> **EXERCISE DESCRIPTION**:
Give back exactly the lines from the start of the entries below to the line holding "Clock : Clock", that line included, and leave every picture out.

-- INPUT FOR THIS TASK follows --

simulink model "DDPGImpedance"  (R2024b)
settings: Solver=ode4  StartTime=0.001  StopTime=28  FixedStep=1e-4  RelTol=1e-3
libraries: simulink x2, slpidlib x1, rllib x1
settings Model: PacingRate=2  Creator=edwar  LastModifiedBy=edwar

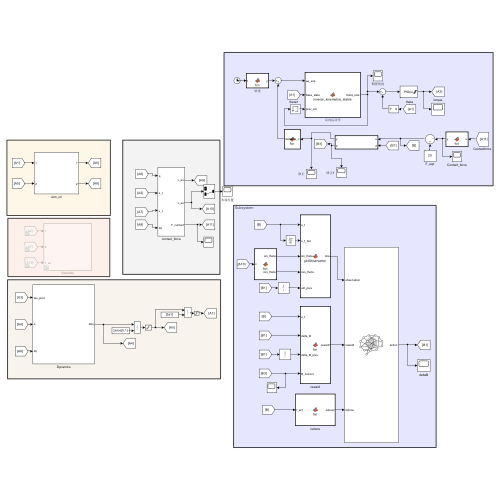
[thumbnail: Simulink's stored preview of the top-level diagram]
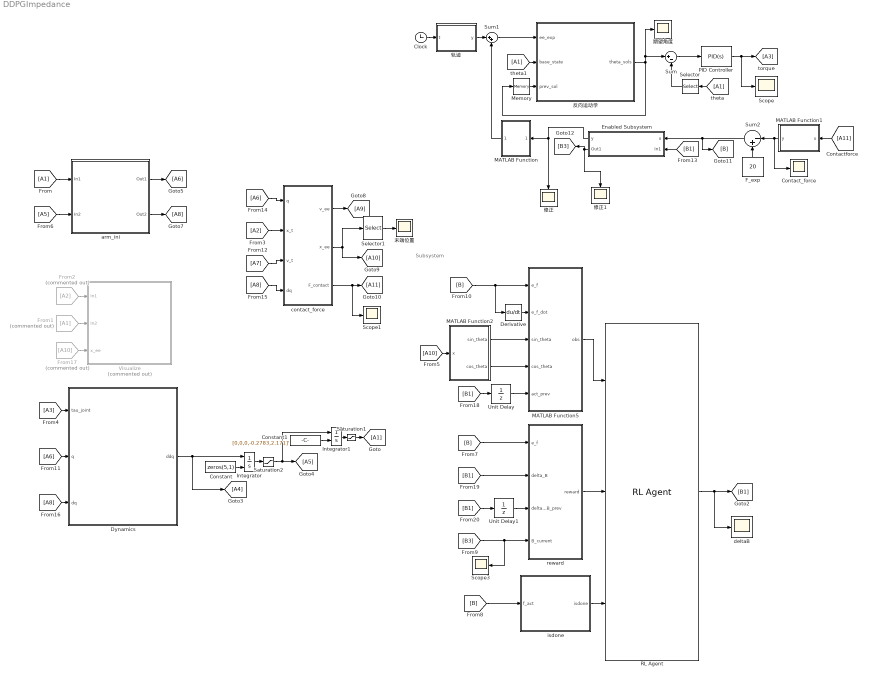
== system DDPGImpedance ==
  note: Subsystem
  Clock : Clock
  Constant : Constant  Value=zeros(5,1)
  Constant1 : Constant  Value=[0,0,0,-0.2783,2.171]'
  Contact_force : Scope
  Derivative : Derivative
  Dynamics : Subsystem
  Enabled Subsystem : Subsystem  TreatAsAtomicUnit=on
  F_exp : Constant  Value=20
  From1 : From  Commented=on  GotoTag=A1
  From17 : From  Commented=on  GotoTag=A10
  From2 : From  Commented=on  GotoTag=A2
  Integrator : Integrator  InitialConditionSource=external  InitialCondition=[0,0,0,0,0]'
  Integrator1 : Integrator  InitialConditionSource=external  InitialCondition=zeros(5,1)
  MATLAB Function : MATLAB Function  TreatAsAtomicUnit=on
  MATLAB Function1 : MATLAB Function  TreatAsAtomicUnit=on
  MATLAB Function2 : MATLAB Function  TreatAsAtomicUnit=on
  MATLAB Function5 : MATLAB Function  TreatAsAtomicUnit=on
  Memory : Memory  InitialCondition=[0;0]  InheritSampleTime=on
  PID Controller : slpidlib/PID Controller  Controller=PID  Form=Parallel  TimeDomain=Continuous-time  UseExternalTs=off  SampleTime=-1  IntegratorMethod=Forward Euler  FilterMethod=Forward Euler  ControllerParametersSource=internal  P=0.5  I=0  UseKiTs=off  D=0.8  UseExternalDerivativeSource=off  N=100  UseFilter=on  TunerSelectOption=Transfer Function Based (PID Tuner App)  InitialConditionSource=internal  InitialConditionForIntegrator=0  InitialConditionForFilter=0  DifferentiatorICPrevScaledInput=0  ExternalReset=none  TrackingMode=off  Kt=1  LimitOutput=on  SatLimitsSource=internal  UpperSaturationLimit=1.4  LowerSaturationLimit=-1.4  LinearizeAsGain=on  AntiWindupMode=none  Kb=1  LimitIntegrator=off  UpperIntegratorSaturationLimit=inf  LowerIntegratorSaturationLimit=-inf  POutMin=[]  POutMax=[]  IOutMin=[]  IOutMax=[]  DOutMin=[]  DOutMax=[]  NOutMin=[]  NOutMax=[]  SumOutMin=[]  SumOutMax=[]  SaturationOutMin=[]  SaturationOutMax=[]  PParamMin=[]  PParamMax=[]  IParamMin=[]  IParamMax=[]  DParamMin=[]  DParamMax=[]  NParamMin=[]  NParamMax=[]  KbParamMin=[]  KbParamMax=[]  KtParamMin=[]  KtParamMax=[]  KbOutMin=[]  KbOutMax=[]  KtOutMin=[]  KtOutMax=[]  IntegratorOutMin=[]  IntegratorOutMax=[]  FilterOutMin=[]  FilterOutMax=[]  SumI1OutMin=[]  SumI1OutMax=[]  SumI2OutMin=[]  SumI2OutMax=[]  SumI3OutMin=[]  SumI3OutMax=[]  SumI4OutMin=[]  SumI4OutMax=[]  SumDOutMin=[]  SumDOutMax=[]  DifferentiatorOutMin=[]  DifferentiatorOutMax=[]  FilterDiffOutCoefMin=[]  FilterDiffOutCoefMax=[]  ReciprocalOutMin=[]  ReciprocalOutMax=[]  SumDenOutMin=[]  SumDenOutMax=[]  SumNumOutMin=[]  SumNumOutMax=[]  DivideOutMin=[]  DivideOutMax=[]  UdiffTsProdOutMin=[]  UdiffTsProdOutMax=[]  NTsProdOutMin=[]  NTsProdOutMax=[]  UintegralTsProdOutMin=[]  UintegralTsProdOutMax=[]  UngainTsProdOutMin=[]  UngainTsProdOutMax=[]  ClampingZeroOutDataTypeStr=Inherit: Inherit via back propagation  ClampingZeroOutMin=[]  ClampingZeroOutMax=[]  FilterDenConstantOutDataTypeStr=Inherit: Inherit via back propagation  FilterDenConstantOutMin=[]  FilterDenConstantOutMax=[]  PCopyOutDataTypeStr=Inherit: Inherit via back propagation  PCopyOutMin=[]  PCopyOutMax=[]  NCopyOutDataTypeStr=Inherit: Inherit via back propagation  NCopyOutMin=[]  NCopyOutMax=[]  IntegratorContinuousStateAttributes=''  IntegratorStateMustResolveToSignalObject=off  IntegratorRTWStateStorageClass=Auto  FilterContinuousStateAttributes=''  FilterStateMustResolveToSignalObject=off  FilterRTWStateStorageClass=Auto  ParallelPVariant=InternalParameters  IdealPVariant=Disabled  IVariant=InternalParameters  DVariant=InternalParameters  IntegratorVariant=Continuous  SatVariant=Enabled  AWVariant=Passthrough  PCopyVariant=Disabled  TRVariant=Disabled  FdbkBlocksVariant=Forward  IdealPFdbkVariant=Disabled  SatFdbkVariant=Disabled  DerivativeFilterVariant=ContFilter  NVariant=InternalParameters  NCopyVariant=Disabled  FilterICVariant=InternalICsFilter  IntegratorICVariant=InternalICs  ExternalResetVariant=Disabled  TRSumVariant=Passthrough  SumFdbkVariant=Disabled  SumVariant=Sum_PID  TsampFilterVariant=InternalTs  TsampNgainVariant=Passthrough  TsampIntegralVariant=Disabled_SignalSpec  ExternalSaturationOutDataTypeStr=Inherit: Same as second input  DerivativeSourceVariant=ErrorSignal  PreIntVariant=InternalPreInt
  RL Agent : rllib/RL Agent  Agent=agent  ExternalActionAsInput=off  ProvideLastAction=off  ProvideCumRwd=off  TreatAsDirectFeedthrough=on  UseStrictObservationDataTypes=off
  Saturation1 : Saturate  UpperLimit=[1.5,1.5,5*pi,2.5,2.5]'  LowerLimit=[-1.5,-1.5,-5*pi,-2.5,-2.5]'
  Saturation2 : Saturate  UpperLimit=[0.075,0.075,pi/6,4.2,4.2]'  LowerLimit=[-0.075,-0.075,-pi/6,-4.2,-4.2]'
  Scope : Scope
  Scope1 : Scope
  Scope3 : Scope
  Selector : Selector  InputPortWidth=5  IndexOptions=Index vector (dialog)  Indices=[4 5]  OutputSizes=1
  Selector1 : Selector  InputPortWidth=2  IndexOptions=Index vector (dialog)  Indices=[2]  OutputSizes=1
  Sum : Sum  Inputs=|+-
  Sum1 : Sum  Inputs=|++
  Sum2 : Sum  Inputs=|-+
  Unit Delay : UnitDelay  SampleTime=-1  HasFrameUpgradeWarning=on
  Unit Delay1 : UnitDelay  SampleTime=-1  HasFrameUpgradeWarning=on
  Visualize : Subsystem  Commented=on
  arm_ini : Subsystem
  contact_force : Subsystem
  deltaB : Scope
  isdone : MATLAB Function  TreatAsAtomicUnit=on
  reward : MATLAB Function  TreatAsAtomicUnit=on
  修正 : Scope
  修正1 : Scope
  反向运动学 : MATLAB Function  TreatAsAtomicUnit=on
  期望角度 : Scope
  末端位置 : Scope
  轨迹 : MATLAB Function  TreatAsAtomicUnit=on
  wires:
  Enabled Subsystem/1(y) -> 修正/1, MATLAB Function/1(delta_n)
  Integrator/1 -> Saturation2/1
  contact_force/1(v_ee) -> [A9]
  Dynamics/1(ddq) -> [A4], Integrator/1
  Sum1/1 -> 反向运动学/1(ee_exp)
  Sum/1 -> PID Controller/1
  [A7] -> contact_force/3(v_t)
  [A8] -> Dynamics/3(dq)
  [A5] -> arm_ini/2(In2)
  Memory/1 -> 反向运动学/3(prev_sol)
  MATLAB Function/1(dxdy) -> Sum1/2
  arm_ini/2(Out2) -> [A8]
  [A1] -> 反向运动学/2(base_state)
  From2/1 -> Visualize/1(In1)
  [A6] -> contact_force/1(q)
  轨迹/1(y) -> Sum1/1
  Saturation2/1 -> Integrator1/1, [A5]
  MATLAB Function1/1(y) -> Sum2/1, Contact_force/1
  [A1] -> arm_ini/1(In1)
  contact_force/2(x_ee) -> Selector1/1, [A10]
  PID Controller/1 -> Scope/1, [A3]
  [A2] -> contact_force/2(x_t)
  From1/1 -> Visualize/2(In2)
  Constant1/1 -> Integrator1/2
  Selector/1 -> Sum/2
  Constant/1 -> Integrator/2
  [A11] -> MATLAB Function1/1(u)
  反向运动学/1(theta_sols) -> 期望角度/1, Sum/1, Memory/1
  [A6] -> Dynamics/2(q)
  F_exp/1 -> Sum2/2
  [A1] -> Selector/1
  Integrator1/1 -> Saturation1/1
  Saturation1/1 -> [A1]
  Clock/1 -> 轨迹/1(t)
  [A3] -> Dynamics/1(tau_joint)
  arm_ini/1(Out1) -> [A6]
  [A8] -> contact_force/4(dq)
  contact_force/3(F_contact) -> Scope1/1, [A11]
  Sum2/1 -> Enabled Subsystem/1(u), [B]
  [B1] -> Enabled Subsystem/2(In1)
  Enabled Subsystem/2(Out1) -> 修正1/1, [B3]
  From17/1 -> Visualize/3(x_ee)
  [B1] -> Unit Delay/1
  [B1] -> Unit Delay1/1
  [B1] -> reward/2(delta_B)
  MATLAB Function2/2(cos_theta) -> MATLAB Function5/4(cos_theta)
  Unit Delay1/1 -> reward/3(delta_B_prev)
  reward/1(reward) -> RL Agent/2
  isdone/1(isdone) -> RL Agent/3
  [B] -> reward/1(e_f)
  MATLAB Function5/1(obs) -> RL Agent/1
  [B3] -> reward/4(B_current), Scope3/1
  Derivative/1 -> MATLAB Function5/2(e_f_dot)
  [B] -> isdone/1(f_act)
  Unit Delay/1 -> MATLAB Function5/5(act_prev)
  [A10] -> MATLAB Function2/1(x)
  RL Agent/1 -> [B1], deltaB/1
  MATLAB Function2/1(sin_theta) -> MATLAB Function5/3(sin_theta)
  [B] -> MATLAB Function5/1(e_f), Derivative/1
  Selector1/1 -> 末端位置/1

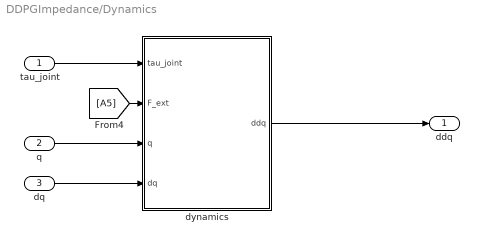
== system DDPGImpedance/Dynamics ==
  tau_joint : Inport
  q : Inport  Port=2
  dq : Inport  Port=3
  dynamics : MATLAB Function  TreatAsAtomicUnit=on
  ddq : Outport
  wires:
  tau_joint/1 -> dynamics/1(tau_joint)
  [A5] -> dynamics/2(F_ext)
  dq/1 -> dynamics/4(dq)
  dynamics/1(ddq) -> ddq/1
  q/1 -> dynamics/3(q)

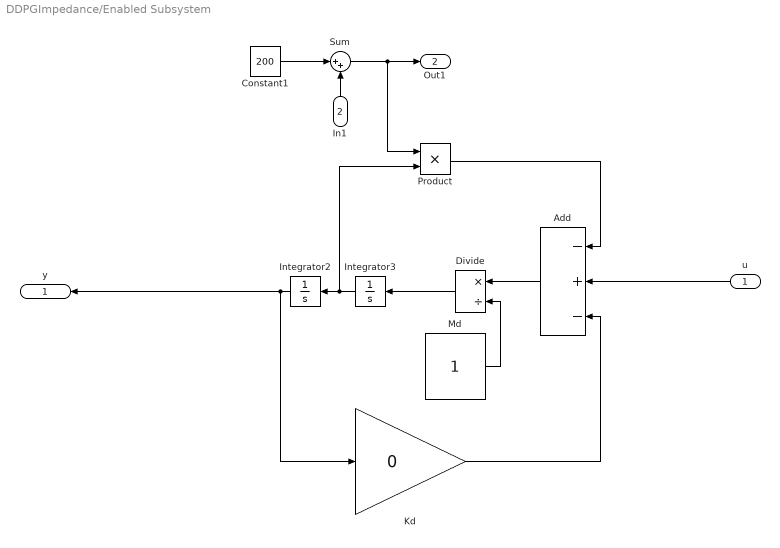
== system DDPGImpedance/Enabled Subsystem ==
  u : Inport
  In1 : Inport  Port=2
  Add : Sum  Inputs=-+-
  Constant1 : Constant  Value=200
  Divide : Product  Inputs=*/
  Integrator2 : Integrator
  Integrator3 : Integrator
  Kd : Gain  Gain=0
  Md : Constant
  Product : Product
  Sum : Sum  Inputs=|++
  y : Outport
  Out1 : Outport  Port=2
  wires:
  Md/1 -> Divide/2
  Product/1 -> Add/1
  Kd/1 -> Add/3
  Add/1 -> Divide/1
  u/1 -> Add/2
  Integrator2/1 -> y/1, Kd/1
  Divide/1 -> Integrator3/1
  Integrator3/1 -> Product/2, Integrator2/1
  Constant1/1 -> Sum/1
  Sum/1 -> Out1/1, Product/1
  In1/1 -> Sum/2

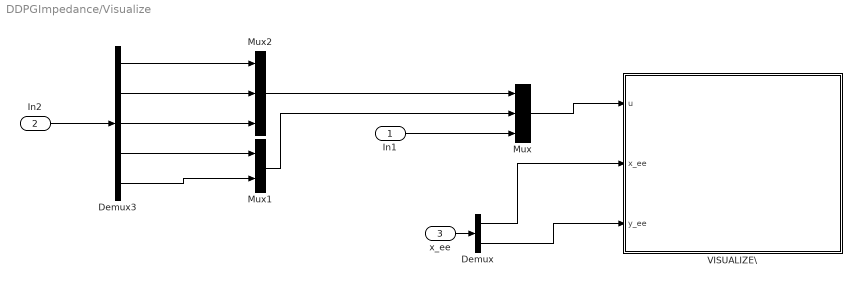
== system DDPGImpedance/Visualize ==
  In1 : Inport
  In2 : Inport  Port=2
  x_ee : Inport  Port=3
  Demux : Demux  Outputs=2
  Demux3 : Demux  Outputs=5
  Mux : Mux  Inputs=3
  Mux1 : Mux  Inputs=2
  Mux2 : Mux  Inputs=3
  VISUALIZE\ : MATLAB Function  TreatAsAtomicUnit=on
  wires:
  Demux3/4 -> Mux1/1
  Mux/1 -> VISUALIZE\/1(u)
  Demux3/3 -> Mux2/3
  Mux2/1 -> Mux/1
  Demux3/2 -> Mux2/2
  Mux1/1 -> Mux/2
  Demux3/5 -> Mux1/2
  Demux3/1 -> Mux2/1
  In1/1 -> Mux/3
  In2/1 -> Demux3/1
  x_ee/1 -> Demux/1
  Demux/2 -> VISUALIZE\/3(y_ee)
  Demux/1 -> VISUALIZE\/2(x_ee)

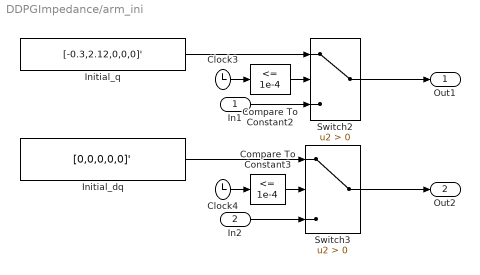
== system DDPGImpedance/arm_ini ==
  In1 : Inport
  In2 : Inport  Port=2
  Clock3 : Clock
  Clock4 : Clock
  Compare To Constant2 : simulink/Logic and Bit Operations/Compare To Constant  relop=<=  const=1e-4  OutDataTypeStr=boolean
  Compare To Constant3 : simulink/Logic and Bit Operations/Compare To Constant  relop=<=  const=1e-4  OutDataTypeStr=boolean
  Initial_dq : Constant  Value=[0,0,0,0,0]'
  Initial_q : Constant  Value=[-0.3,2.12,0,0,0]'
  Switch2 : Switch  Criteria=u2 > Threshold  SaturateOnIntegerOverflow=off  InputSameDT=off
  Switch3 : Switch  Criteria=u2 > Threshold  SaturateOnIntegerOverflow=off  InputSameDT=off
  Out1 : Outport
  Out2 : Outport  Port=2
  wires:
  In1/1 -> Switch2/3
  Compare To Constant3/1 -> Switch3/2
  Switch3/1 -> Out2/1
  Initial_dq/1 -> Switch3/1
  Clock3/1 -> Compare To Constant2/1
  In2/1 -> Switch3/3
  Clock4/1 -> Compare To Constant3/1
  Initial_q/1 -> Switch2/1
  Compare To Constant2/1 -> Switch2/2
  Switch2/1 -> Out1/1

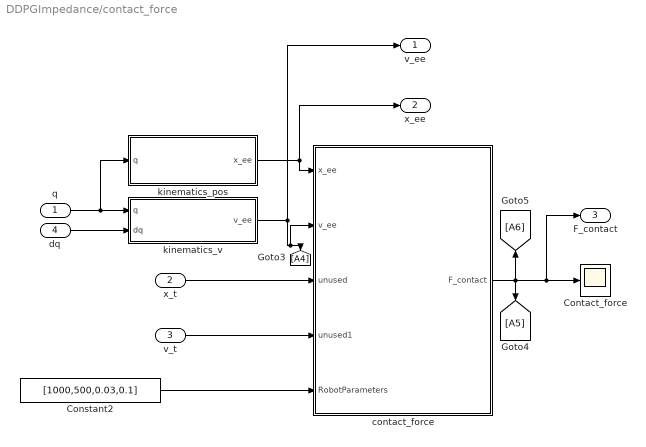
== system DDPGImpedance/contact_force ==
  q : Inport
  x_t : Inport  Port=2
  v_t : Inport  Port=3
  dq : Inport  Port=4
  Constant2 : Constant  Value=[1000,500,0.03,0.1]
  Contact_force : Scope
  contact_force : MATLAB Function  TreatAsAtomicUnit=on  SystemSampleTime=0.01
  kinematics_pos : MATLAB Function  TreatAsAtomicUnit=on
  kinematics_v : MATLAB Function  TreatAsAtomicUnit=on
  v_ee : Outport
  x_ee : Outport  Port=2
  F_contact : Outport  Port=3
  wires:
  kinematics_v/1(v_ee) -> v_ee/1, contact_force/2(v_ee), [A4]
  contact_force/1(F_contact) -> [A5], [A6], Contact_force/1, F_contact/1
  kinematics_pos/1(x_ee) -> x_ee/1, contact_force/1(x_ee)
  x_t/1 -> contact_force/3(unused)
  Constant2/1 -> contact_force/5(RobotParameters)
  q/1 -> kinematics_pos/1(q), kinematics_v/1(q)
  v_t/1 -> contact_force/4(unused1)
  dq/1 -> kinematics_v/2(dq)

== matlab function DDPGImpedance/reward ==
  data: e_f input; delta_B input; delta_B_prev input; reward output; B_current input
function reward = fcn(e_f, delta_B, delta_B_prev, B_current)     
                                                                %#codegen                                                        
                                                                %#ok<INUSD>                                                      
                                                                wForce = 0.5;                                                    
                                                                wSmooth = 0.01;                                                  
                                                                actionLimit = 100.0;                                             
                                                                
                                                                forceReward = exp(-0.01 * e_f^2);                                
                                                                normalizedActionRate = (delta_B - delta_B_prev) / actionLimit;   
                                                                reward = wForce * forceReward - wSmooth * normalizedActionRate^2;
                                                                
                                                                if abs(e_f) > 20.0                                               
                                                                    reward = reward - 0.01 * exp(0.3 * (abs(e_f) - 20.0));       
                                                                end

-- INPUT FOR THIS TASK concluded --

> **TASK RESPONSE**:
simulink model "DDPGImpedance"  (R2024b)
settings: Solver=ode4  StartTime=0.001  StopTime=28  FixedStep=1e-4  RelTol=1e-3
libraries: simulink x2, slpidlib x1, rllib x1
settings Model: PacingRate=2  Creator=edwar  LastModifiedBy=edwar

[thumbnail: Simulink's stored preview of the top-level diagram]
== system DDPGImpedance ==
  note: Subsystem
  Clock : Clock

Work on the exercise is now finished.